Is "Too Big to Fail" Finding an Echo in Massachusetts Health Care Debate?

Tuesday, January 31, 2012

In his January 23rd State of the State address, Governor Deval Patrick pushed the legislature hard to act soon on a comprehensive health care cost control bill he introduced almost a year ago, House Bill 1849, An Act Improving the Quality of Health Care and Controlling Costs by Reforming Health Systems and Payments.

"Before you take up next year's budget, pass health care cost containment legislation," Patrick exhorted members of the legislature, who had assembled in the House chamber to hear the address.

Budget deliberations customarily begin in April, so Patrick was trying to set a March 31 deadline for enactment of H.B. 1849. It was not the first such attempt. Last October, he challenged the legislature to take up the bill in January.

Within two days of the State of the State address, it became clear that, one, the legislature would not be voting on health care cost control before it starts working on the Fiscal Year 2012-13 budget; and, two, legislative leaders are wary of changing the health care system because so much of the Massachusetts economy rides on health care.

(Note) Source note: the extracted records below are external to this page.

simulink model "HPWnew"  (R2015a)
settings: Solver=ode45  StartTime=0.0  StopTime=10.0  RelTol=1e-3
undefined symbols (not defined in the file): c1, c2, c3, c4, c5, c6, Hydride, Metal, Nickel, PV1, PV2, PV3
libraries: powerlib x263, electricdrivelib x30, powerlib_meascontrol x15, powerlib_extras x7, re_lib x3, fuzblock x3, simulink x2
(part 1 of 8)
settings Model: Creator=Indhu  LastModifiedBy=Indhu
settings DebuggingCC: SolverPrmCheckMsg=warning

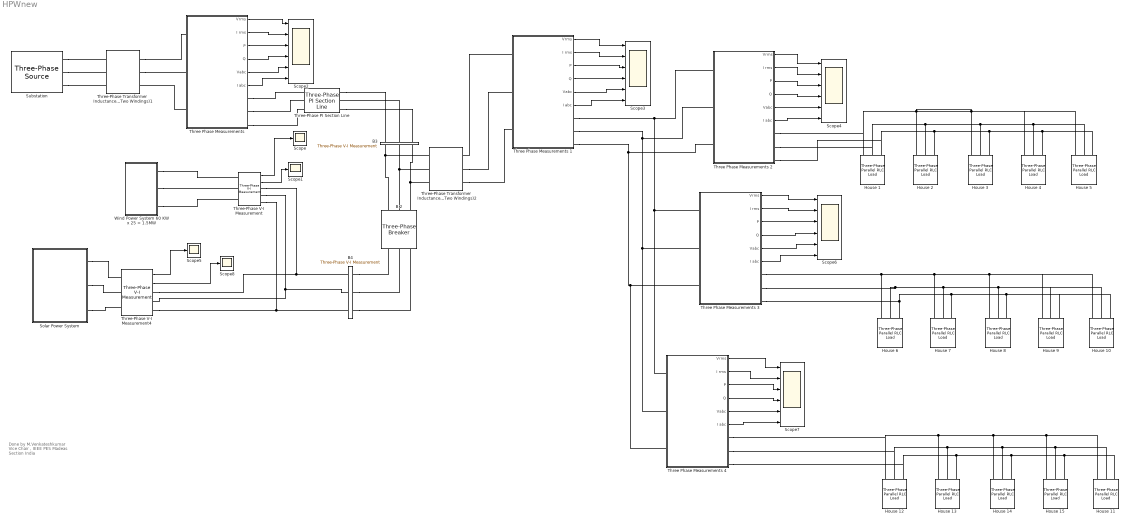
== system HPWnew ==
  note: Done by
      | M.Venkateshkumar
      | Vice Chair , IEEE PES
      | Madeas Section India
  B 2 : powerlib/Elements/Three-Phase Breaker  InitialState=closed  SwitchA=off  SwitchB=off  SwitchC=off  SwitchTimes=[0.001 0.3]  External=off  BreakerResistance=0.001  SnubberResistance=1e6  SnubberCapacitance=inf  Measurements=None
  B3 : powerlib/Measurements/Three-Phase V-I Measurement  VoltageMeasurement=phase-to-ground  SetLabelV=on  LabelV=Vabc_B3  Vpu=off  VpuLL=off  CurrentMeasurement=yes  SetLabelI=on  LabelI=A3  Ipu=off  Pbase=100e6  Vbase=440  OutputType=Magnitude  PhasorSimulation=off  PSBequivalent=0
  B4 : powerlib/Measurements/Three-Phase V-I Measurement  VoltageMeasurement=phase-to-phase  SetLabelV=on  LabelV=Vabc_B4  Vpu=off  VpuLL=off  CurrentMeasurement=yes  SetLabelI=on  LabelI=Iabc_B4  Ipu=off  Pbase=100e6  Vbase=440  OutputType=Magnitude  PhasorSimulation=off  PSBequivalent=0
  House {1..5} (5 alike) : powerlib/Elements/Three-Phase Parallel RLC Load  LConnTagsString=A|B|C  Configuration=Y (grounded)  NominalVoltage=440  NominalFrequency=50  ActivePower=10e2  InductivePower=100  CapacitivePower=0  Measurements=None  LoadType=constant Z
  House {6..10} (5 alike) : powerlib/Elements/Three-Phase Parallel RLC Load  LConnTagsString=A|B|C  Configuration=Y (grounded)  NominalVoltage=440  NominalFrequency=50  ActivePower=10e3  InductivePower=100  CapacitivePower=0  Measurements=None  LoadType=constant Z
  House {11..15} (5 alike) : powerlib/Elements/Three-Phase Parallel RLC Load  LConnTagsString=A|B|C  Configuration=Y (grounded)  NominalVoltage=440  NominalFrequency=50  ActivePower=50e3  InductivePower=100  CapacitivePower=0  Measurements=None  LoadType=constant Z
  Scope{,1,5,8} (4 alike) : Scope
      Scope settings: YMin=-750  YMax=750
      Scope1 settings: YMin=-250  YMax=250  SaveName=ScopeData2
      Scope5 settings: YMin=-600  YMax=550  SaveName=ScopeData8
      Scope8 settings: SaveName=ScopeData9
  Scope{2..4,6..7} (5 alike) : Scope  NumInputPorts=6
      Scope2 settings: TimeRange=1.6  YMin=100~50~-100000~-100000~-500~-500  YMax=300~200~100000~100000~500~500  SaveName=ScopeData3
      Scope3 settings: TimeRange=1.6  YMin=100~50~-100000~-100000~-500~-500  YMax=300~200~100000~100000~500~500  SaveName=ScopeData4
      Scope4 settings: TimeRange=1.6  YMin=100~50~-100000~-100000~-500~-500  YMax=300~200~100000~100000~500~500  SaveName=ScopeData6
      Scope6 settings: TimeRange=1.6  YMin=100~50~-100000~-100000~-500~-500  YMax=300~200~100000~100000~500~500  SaveName=ScopeData7
      Scope7 settings: TimeRange=1.6  YMin=100~50~-100000~-100000~-500~-500  YMax=300~200~100000~100000~500~500  SaveName=ScopeData10
  "Solar Power System " : Subsystem
  "Substation " : powerlib/Electrical Sources/Three-Phase Source  Voltage=(25000)*1.00008  PhaseAngle=0.13223  Frequency=50  InternalConnection=Yg  SpecifyImpedance=on  Resistance=0.8929  Inductance=16.58e-3  ShortCircuitLevel=100e6  BaseVoltage=63510.4  XRratio=7  BusType=swing  Pref=0  Qref=0  Qmin=-inf  Qmax=inf
  "Three Phase Measurements " : Subsystem
  Three Phase Measurements 1 : Subsystem
  Three Phase Measurements 2 : Subsystem
  Three Phase Measurements 3 : Subsystem
  Three Phase Measurements 4 : Subsystem
  Three-Phase PI Section Line : powerlib/Elements/Three-Phase PI Section Line  LConnTagsString=a|b|c  RConnTagsString=A|B|C  Frequency=50  Resistances=[ 0.01273 0.3864]  Inductances="[ 0.9337e-3  4.1264e-3]"  Capacitances=[12.74e-9 7.751e-9]  Length=10
  Three-Phase V-I Measurement : powerlib/Measurements/Three-Phase V-I Measurement  VoltageMeasurement=phase-to-ground  SetLabelV=off  LabelV=Vabc  Vpu=off  VpuLL=off  CurrentMeasurement=yes  SetLabelI=off  LabelI=Iabc  Ipu=off  Pbase=100e6  Vbase=500e3  OutputType=Complex  PhasorSimulation=off  PSBequivalent=0
  Three-Phase V-I Measurement4 : powerlib/Measurements/Three-Phase V-I Measurement  VoltageMeasurement=phase-to-ground  SetLabelV=off  LabelV=Vabc  Vpu=off  VpuLL=off  CurrentMeasurement=yes  SetLabelI=off  LabelI=Iabc  Ipu=off  Pbase=100e6  Vbase=500e3  OutputType=Complex  PhasorSimulation=off  PSBequivalent=0
  Three-Phase Transformer Inductance Matrix Type (Two Windings)1 : powerlib/Elements/Three-Phase Transformer Inductance Matrix Type (Two Windings)  CoreType=Three-limb or five-limb core  Winding1Connection=Yg  Winding2Connection=Yg  AutoTransformer=off  Measurements=None  NominalPower=[100e3 50]  VLLnom=[63510.4 600]  WindingResistances=[0.01 0.01]  NoLoadIexcPos=2  NoLoadPlossPos=1000  ShortCircuitReactancePos=0.06  ShortCircuitReactancePosAuto=0.06  NoLoadIexcZero=100  NoLoadPlossZero=1500  ShortCircuitReactanceZero=0.03  ShortCircuitReactanceZeroAuto=0.03
  Three-Phase Transformer Inductance Matrix Type (Two Windings)2 : powerlib/Elements/Three-Phase Transformer Inductance Matrix Type (Two Windings)  CoreType=Three-limb or five-limb core  Winding1Connection=Yg  Winding2Connection=Yg  AutoTransformer=off  Measurements=None  NominalPower=[100e3 50]  VLLnom=[63510.4 600]  WindingResistances=[0.01 0.01]  NoLoadIexcPos=2  NoLoadPlossPos=1000  ShortCircuitReactancePos=0.06  ShortCircuitReactancePosAuto=0.06  NoLoadIexcZero=100  NoLoadPlossZero=1500  ShortCircuitReactanceZero=0.03  ShortCircuitReactanceZeroAuto=0.03
  Wind Power System 60 KW x 25 = 1.5MW : Subsystem
  wires:
  Three-Phase V-I Measurement/1 -> Scope/1
  Three-Phase V-I Measurement/2 -> Scope1/1
  Three-Phase V-I Measurement4/1 -> Scope5/1
  Three-Phase V-I Measurement4/2 -> Scope8/1
  "Three Phase Measurements "/3(P) -> Scope2/3
  "Three Phase Measurements "/4(Q) -> Scope2/4
  "Three Phase Measurements "/2(I rms) -> Scope2/2
  "Three Phase Measurements "/5(Vabc) -> Scope2/5
  "Three Phase Measurements "/1(Vrms) -> Scope2/1
  "Three Phase Measurements "/6(I abc) -> Scope2/6
  Three Phase Measurements 1/3(P) -> Scope3/3
  Three Phase Measurements 1/4(Q) -> Scope3/4
  Three Phase Measurements 1/2(I rms) -> Scope3/2
  Three Phase Measurements 1/5(Vabc) -> Scope3/5
  Three Phase Measurements 1/1(Vrms) -> Scope3/1
  Three Phase Measurements 1/6(I abc) -> Scope3/6
  Three Phase Measurements 2/3(P) -> Scope4/3
  Three Phase Measurements 2/4(Q) -> Scope4/4
  Three Phase Measurements 2/2(I rms) -> Scope4/2
  Three Phase Measurements 2/5(Vabc) -> Scope4/5
  Three Phase Measurements 2/1(Vrms) -> Scope4/1
  Three Phase Measurements 2/6(I abc) -> Scope4/6
  Three Phase Measurements 3/3(P) -> Scope6/3
  Three Phase Measurements 3/4(Q) -> Scope6/4
  Three Phase Measurements 3/2(I rms) -> Scope6/2
  Three Phase Measurements 3/5(Vabc) -> Scope6/5
  Three Phase Measurements 3/1(Vrms) -> Scope6/1
  Three Phase Measurements 3/6(I abc) -> Scope6/6
  Three Phase Measurements 4/3(P) -> Scope7/3
  Three Phase Measurements 4/4(Q) -> Scope7/4
  Three Phase Measurements 4/2(I rms) -> Scope7/2
  Three Phase Measurements 4/5(Vabc) -> Scope7/5
  Three Phase Measurements 4/1(Vrms) -> Scope7/1
  Three Phase Measurements 4/6(I abc) -> Scope7/6
  connections:
  B 2/LConn1 -- Three-Phase Transformer Inductance Matrix Type (Two Windings)2/LConn1 -- B3/LConn1
  B 2/LConn2 -- Three-Phase Transformer Inductance Matrix Type (Two Windings)2/LConn2 -- B3/LConn2
  B 2/LConn3 -- Three-Phase Transformer Inductance Matrix Type (Two Windings)2/LConn3 -- B3/LConn3
  B4/LConn3 -- B 2/RConn3
  B4/LConn1 -- B 2/RConn1
  B4/LConn2 -- B 2/RConn2
  "Solar Power System "/RConn2 -- Three-Phase V-I Measurement4/LConn2
  "Solar Power System "/RConn3 -- Three-Phase V-I Measurement4/LConn3
  "Solar Power System "/RConn1 -- Three-Phase V-I Measurement4/LConn1
  "Three Phase Measurements "/LConn3 -- Three-Phase Transformer Inductance Matrix Type (Two Windings)1/RConn3
  Three-Phase Transformer Inductance Matrix Type (Two Windings)1/RConn2 -- "Three Phase Measurements "/LConn2
  Three-Phase Transformer Inductance Matrix Type (Two Windings)1/RConn1 -- "Three Phase Measurements "/LConn1
  "Substation "/RConn1 -- Three-Phase Transformer Inductance Matrix Type (Two Windings)1/LConn1
  "Substation "/RConn2 -- Three-Phase Transformer Inductance Matrix Type (Two Windings)1/LConn2
  "Substation "/RConn3 -- Three-Phase Transformer Inductance Matrix Type (Two Windings)1/LConn3
  Three-Phase PI Section Line/RConn1 -- B3/RConn1
  B3/RConn2 -- Three-Phase PI Section Line/RConn2
  Three-Phase PI Section Line/RConn3 -- B3/RConn3
  Three-Phase V-I Measurement/RConn1 -- Three-Phase V-I Measurement4/RConn1 -- B4/RConn1
  Three-Phase V-I Measurement/RConn2 -- Three-Phase V-I Measurement4/RConn2 -- B4/RConn2
  Three-Phase V-I Measurement/RConn3 -- Three-Phase V-I Measurement4/RConn3 -- B4/RConn3
  House 4/LConn1 -- House 5/LConn1 -- House 3/LConn1 -- House 1/LConn1 -- Three Phase Measurements 2/RConn1 -- House 2/LConn1
  House 11/LConn2 -- House 15/LConn2 -- House 14/LConn2 -- Three Phase Measurements 4/RConn2 -- House 12/LConn2 -- House 13/LConn2
  House 11/LConn3 -- House 15/LConn3 -- House 14/LConn3 -- Three Phase Measurements 4/RConn3 -- House 12/LConn3 -- House 13/LConn3
  "Three Phase Measurements "/RConn1 -- Three-Phase PI Section Line/LConn1
  "Three Phase Measurements "/RConn2 -- Three-Phase PI Section Line/LConn2
  "Three Phase Measurements "/RConn3 -- Three-Phase PI Section Line/LConn3
  Three-Phase Transformer Inductance Matrix Type (Two Windings)2/RConn1 -- Three Phase Measurements 1/LConn1
  Three-Phase Transformer Inductance Matrix Type (Two Windings)2/RConn2 -- Three Phase Measurements 1/LConn2
  Three-Phase Transformer Inductance Matrix Type (Two Windings)2/RConn3 -- Three Phase Measurements 1/LConn3
  Wind Power System 60 KW x 25 = 1.5MW/RConn2 -- Three-Phase V-I Measurement/LConn2
  Wind Power System 60 KW x 25 = 1.5MW/RConn1 -- Three-Phase V-I Measurement/LConn1
  Wind Power System 60 KW x 25 = 1.5MW/RConn3 -- Three-Phase V-I Measurement/LConn3
  House 4/LConn3 -- House 1/LConn3 -- Three Phase Measurements 2/RConn3 -- House 2/LConn3 -- House 3/LConn3 -- House 5/LConn3
  House 4/LConn2 -- House 1/LConn2 -- Three Phase Measurements 2/RConn2 -- House 2/LConn2 -- House 3/LConn2 -- House 5/LConn2
  House 8/LConn1 -- House 10/LConn1 -- House 9/LConn1 -- House 7/LConn1 -- House 6/LConn1 -- Three Phase Measurements 3/RConn1
  House 7/LConn2 -- House 8/LConn2 -- House 10/LConn2 -- House 9/LConn2 -- Three Phase Measurements 3/RConn2 -- House 6/LConn2
  House 15/LConn1 -- House 11/LConn1 -- House 14/LConn1 -- Three Phase Measurements 4/RConn1 -- House 12/LConn1 -- House 13/LConn1
  House 7/LConn3 -- House 8/LConn3 -- House 10/LConn3 -- House 9/LConn3 -- House 6/LConn3 -- Three Phase Measurements 3/RConn3
  Three Phase Measurements 3/LConn1 -- Three Phase Measurements 2/LConn1 -- Three Phase Measurements 1/RConn1 -- Three Phase Measurements 4/LConn1
  Three Phase Measurements 3/LConn2 -- Three Phase Measurements 2/LConn2 -- Three Phase Measurements 1/RConn2 -- Three Phase Measurements 4/LConn2
  Three Phase Measurements 3/LConn3 -- Three Phase Measurements 4/LConn3 -- Three Phase Measurements 2/LConn3 -- Three Phase Measurements 1/RConn3

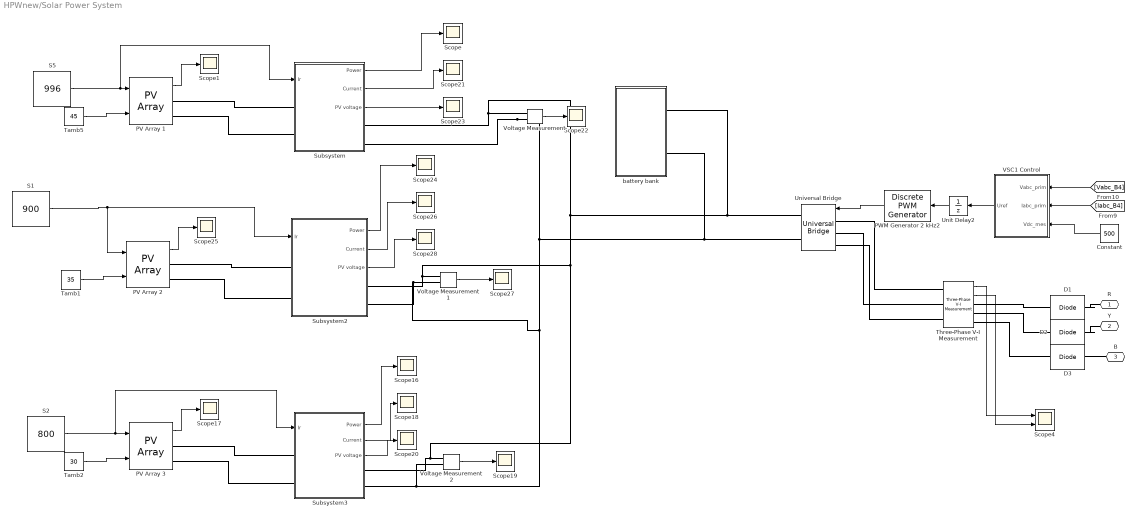
== system HPWnew/Solar Power System  ==
  Constant : Constant  Value=500
  D1 : powerlib/Power Electronics/Diode  Ron=0.001  Lon=0  Vf=0.1  IC=0  UseSnubber=off  Rs=50000  Cs=250e-12  Measurements=off
  D2 : powerlib/Power Electronics/Diode  Ron=0.001  Lon=0  Vf=0.1  IC=0  UseSnubber=off  Rs=50000  Cs=250e-12  Measurements=off
  D3 : powerlib/Power Electronics/Diode  Ron=0.001  Lon=0  Vf=0.1  IC=0  UseSnubber=off  Rs=50000  Cs=250e-12  Measurements=off
  PV Array 1 : re_lib/Solar/PV Array  Npar=3  Nser=1  PlotType=array @ 25 deg.C & specified irradiances  S_vec="[ 1000  500  100 ]"  Temp_C_vec="[ 45 25  ]"  ModuleName=User-defined  PlotWhenSelected=on  Pm=276.21  Ncell=36  Voc=41.8  Isc=7.4  Vm=40.5  Im=6.82  beta_Voc_pc=-0.365  alpha_Isc_pc=0.0445  beta_Voc=-0.15257  alpha_Isc=0.003293  IL=7.4001  I0=1.6325e-15  nI=1.3667  Rsh=139.6555  Rs=0.080363  BAL=off  Tc=1e-6  Tfilter=10
  PV Array 2 : re_lib/Solar/PV Array  Npar=3  Nser=1  PlotType=array @ 25 deg.C & specified irradiances  S_vec="[ 1000  500  100 ]"  Temp_C_vec="[ 45 25  ]"  ModuleName=User-defined  PlotWhenSelected=on  Pm=276.21  Ncell=36  Voc=41.8  Isc=7.4  Vm=40.5  Im=6.82  beta_Voc_pc=-0.365  alpha_Isc_pc=0.0445  beta_Voc=-0.15257  alpha_Isc=0.003293  IL=7.4001  I0=1.6325e-15  nI=1.3667  Rsh=139.6555  Rs=0.080363  BAL=off  Tc=1e-6  Tfilter=10
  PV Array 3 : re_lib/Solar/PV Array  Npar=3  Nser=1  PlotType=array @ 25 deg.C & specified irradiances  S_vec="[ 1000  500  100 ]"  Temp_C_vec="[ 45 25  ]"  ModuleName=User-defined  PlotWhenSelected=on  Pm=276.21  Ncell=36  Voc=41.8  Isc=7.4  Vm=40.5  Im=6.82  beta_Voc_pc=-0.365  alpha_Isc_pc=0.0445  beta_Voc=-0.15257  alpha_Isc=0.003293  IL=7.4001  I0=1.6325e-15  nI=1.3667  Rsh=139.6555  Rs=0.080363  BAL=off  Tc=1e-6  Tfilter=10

The State House News Service reported that Dick Moore, Senate chairman of the Health Care Financing Committee, said, "We need to be very thoughtful about moving the health care system away from the current method of paying for volume of care toward paying for value of care. We need to get this right, or it could harm one of our most successful sectors of the state's economy. I'm confident that we'll have a good plan in the coming weeks, but it will differ significantly from the bill filed last year by the governor."

Moore's counterpart, House Health Care Financing Chairman Steve Walsh, later promised, "We will be doing something this session."

There's a rule requiring the legislature to adjourn by July 31 in years when legislative elections are held. This being one of those years, Walsh was committing only to a vote in the House on health care cost control in six months' time.

While acknowledging that "an awful lot of money can be squeezed out" of the health care system, Walsh said cost-cutting "can't be done overnight" without "harming patients, hurting employment, and hurting the industry, so we have to take an approach that is very sound and very smart. We can't turn that ocean liner immediately." (Was he thinking about the Costa Concordia when it made an ill-fated course adjustment off Italy not too long ago?)

Following the governor's address, House Speaker Robert DeLeo emphasized to the media that hospitals and other health care providers "are one of the major employers of people here in the Commonwealth, so we have to be extremely careful to try to make sure we get it right. It is my hope that we get it done this year."

We often hear how costly health care is, and how much it consumes of the U.S. gross domestic product (GDP): 20% and still rising. (Fifty years ago, it barely consumed 5% of GDP.) But we don't hear as often how crucial health care is to the Massachusetts economy and how many Massachusetts jobs are in health care, so it might be good to point out now that 49,000 of our fellow citizens work in health care and that the collective health care payroll in this state tops $4.5 billion per year.

Forty-nine thousand jobs represent 15% of all employment in Massachusetts: one out of six people work in health care. Here's another figure to consider: the Massachusetts health care sector generates cumulative economic activity of between $60 billion and $70 billion annually.

When the Great Recession hit three-and-a-half years ago, we heard about some banks and financial institutions being so large that Uncle Sam couldn't allow them to succumb to bankruptcy. They were "too big to fail"! A variant of that theme now haunts the members of the Massachusetts House of Representatives and Senate. We could have a health care system "too big to shrink"?